____ Data
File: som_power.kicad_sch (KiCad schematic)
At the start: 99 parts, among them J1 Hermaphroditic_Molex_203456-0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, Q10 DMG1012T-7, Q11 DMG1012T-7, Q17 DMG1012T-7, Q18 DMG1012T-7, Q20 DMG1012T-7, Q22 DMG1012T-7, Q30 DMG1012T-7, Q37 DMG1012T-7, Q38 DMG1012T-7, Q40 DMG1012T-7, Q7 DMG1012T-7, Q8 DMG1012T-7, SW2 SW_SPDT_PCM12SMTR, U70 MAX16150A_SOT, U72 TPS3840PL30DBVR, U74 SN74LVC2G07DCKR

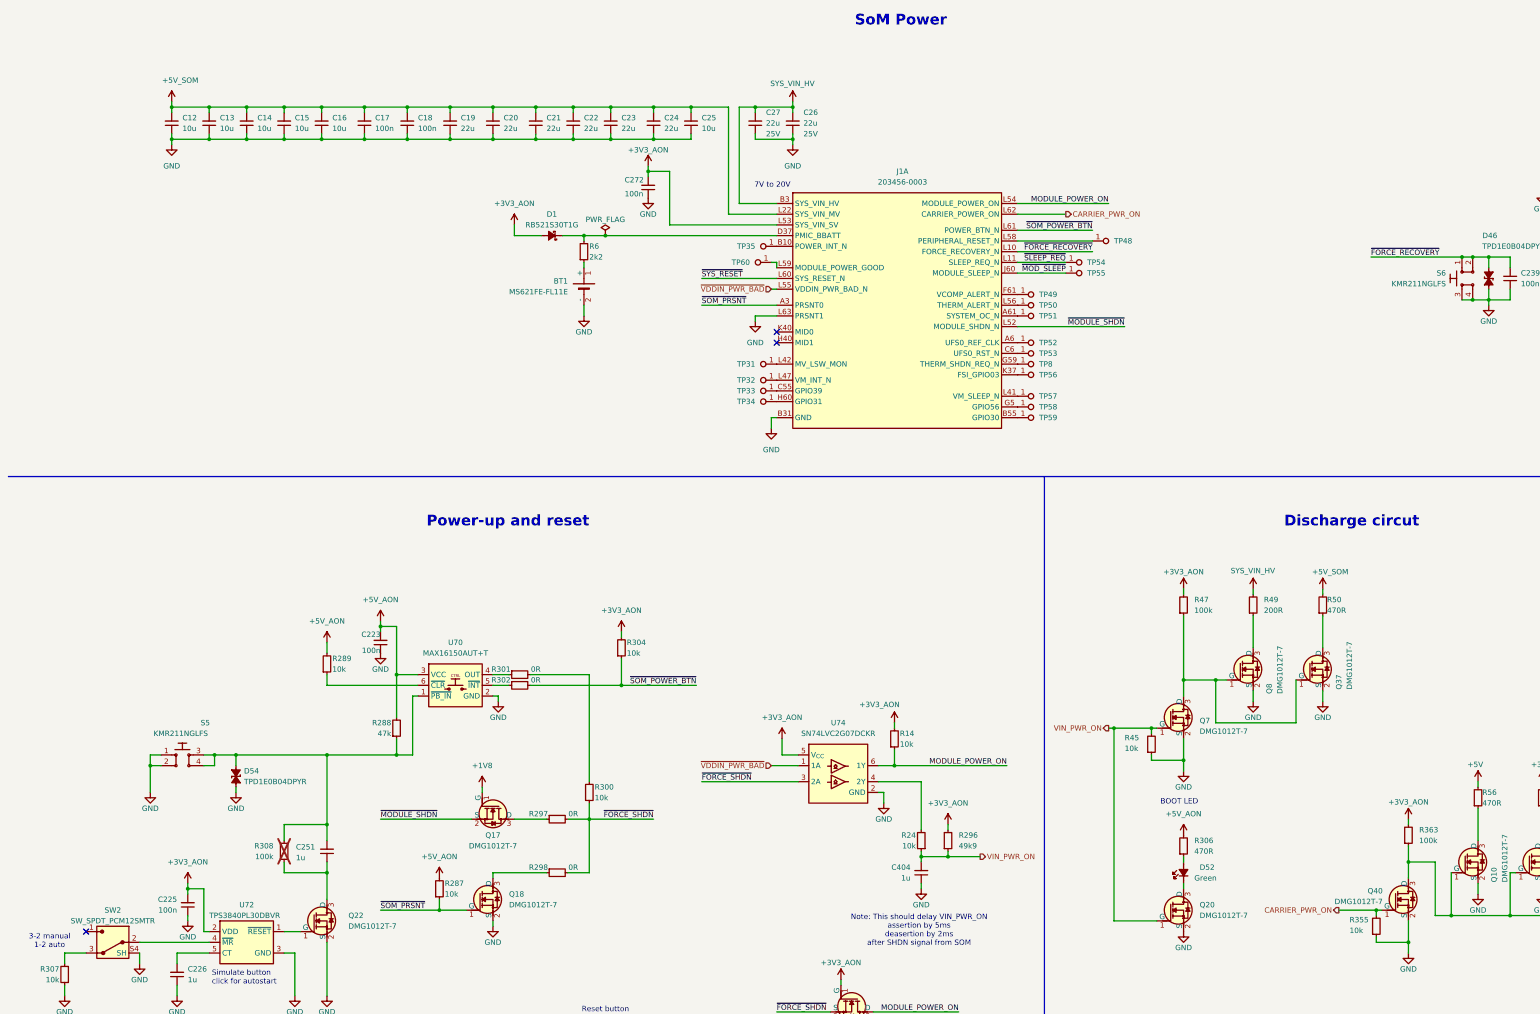
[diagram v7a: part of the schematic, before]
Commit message: [#85326] Add SoM capacitors, add testpoints
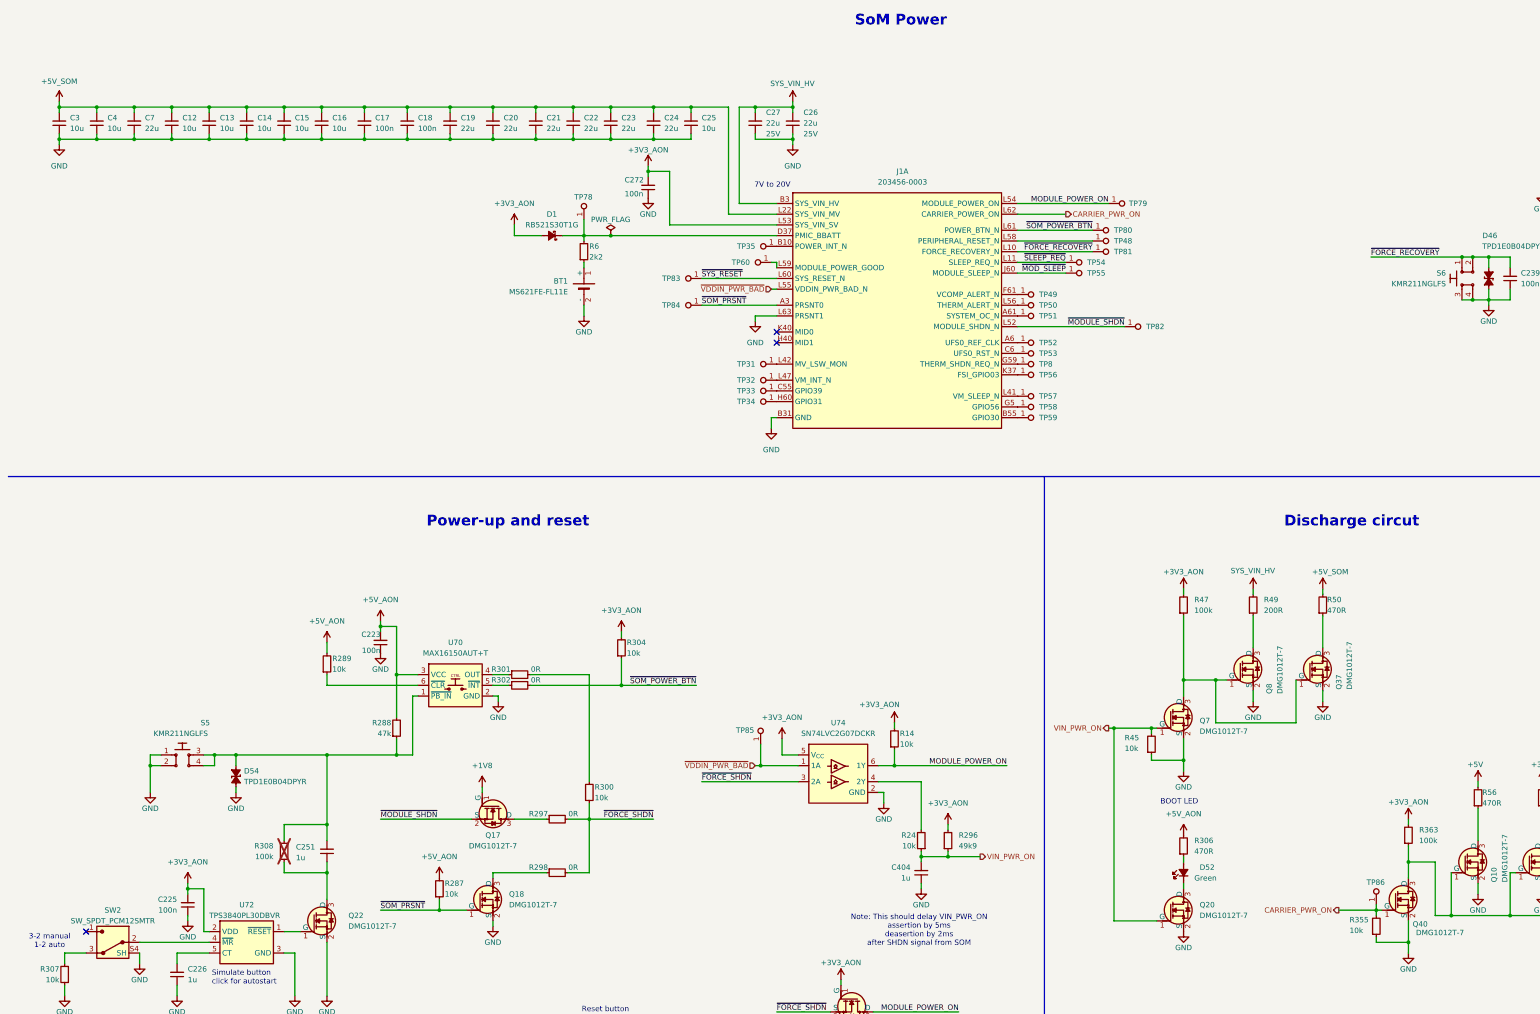
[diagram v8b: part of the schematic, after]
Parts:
- added C3, C4: C_10u_0402, antmicro-footprints:C_0402_1005Metric, symbol antmicroCapacitors0402:C_10u_0402
- added C7: C_22u_16V_0603, antmicro-footprints:C_0603_1608Metric_EIA, symbol antmicroCapacitors0603:C_22u_16V_0603
- added TP78, TP79, TP80, TP81, TP82, TP83, TP84, TP85, TP86: TP_0.75mm_SMD, antmicro-footprints:TP_SMD_0.75mm, symbol antmicroTestPoints:TP_0.75mm_SMD
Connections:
- net +5V_SOM: now also C3.2, C4.2, C7.2
- net CARRIER_PWR_ON: now also TP86.1
- net GND: now also C3.1, C4.1, C7.1
- net MODULE_POWER_ON: now also TP79.1
- net ~{FORCE_RECOVERY}: now also TP81.1
- net ~{MODULE_SHDN}: now also TP82.1
- net ~{SOM_POWER_BTN}: now also TP80.1
- net ~{SOM_PRSNT}: now also TP84.1
- net ~{SYS_RESET}: now also TP83.1
- net ~{VDDIN_PWR_BAD}: now also TP85.1
- net at D1.1 (C), J1.D37 (PMIC_BBATT), R6.2: now also TP78.1
________
Exact copy, no pictures: reproduce the whole listing above.

Your solution >>
File: som_power.kicad_sch (KiCad schematic)
At the start: 99 parts, among them J1 Hermaphroditic_Molex_203456-0, Q10 DMG1012T-7, Q11 DMG1012T-7, Q17 DMG1012T-7, Q18 DMG1012T-7, Q20 DMG1012T-7, Q22 DMG1012T-7, Q30 DMG1012T-7, Q37 DMG1012T-7, Q38 DMG1012T-7, Q40 DMG1012T-7, Q7 DMG1012T-7, Q8 DMG1012T-7, SW2 SW_SPDT_PCM12SMTR, U70 MAX16150A_SOT, U72 TPS3840PL30DBVR, U74 SN74LVC2G07DCKR

[diagram v7a: part of the schematic, before]
Commit message: [#85326] Add SoM capacitors, add testpoints
[diagram v8b: part of the schematic, after]
Parts:
- added C3, C4: C_10u_0402, antmicro-footprints:C_0402_1005Metric, symbol antmicroCapacitors0402:C_10u_0402
- added C7: C_22u_16V_0603, antmicro-footprints:C_0603_1608Metric_EIA, symbol antmicroCapacitors0603:C_22u_16V_0603
- added TP78, TP79, TP80, TP81, TP82, TP83, TP84, TP85, TP86: TP_0.75mm_SMD, antmicro-footprints:TP_SMD_0.75mm, symbol antmicroTestPoints:TP_0.75mm_SMD
Connections:
- net +5V_SOM: now also C3.2, C4.2, C7.2
- net CARRIER_PWR_ON: now also TP86.1
- net GND: now also C3.1, C4.1, C7.1
- net MODULE_POWER_ON: now also TP79.1
- net ~{FORCE_RECOVERY}: now also TP81.1
- net ~{MODULE_SHDN}: now also TP82.1
- net ~{SOM_POWER_BTN}: now also TP80.1
- net ~{SOM_PRSNT}: now also TP84.1
- net ~{SYS_RESET}: now also TP83.1
- net ~{VDDIN_PWR_BAD}: now also TP85.1
- net at D1.1 (C), J1.D37 (PMIC_BBATT), R6.2: now also TP78.1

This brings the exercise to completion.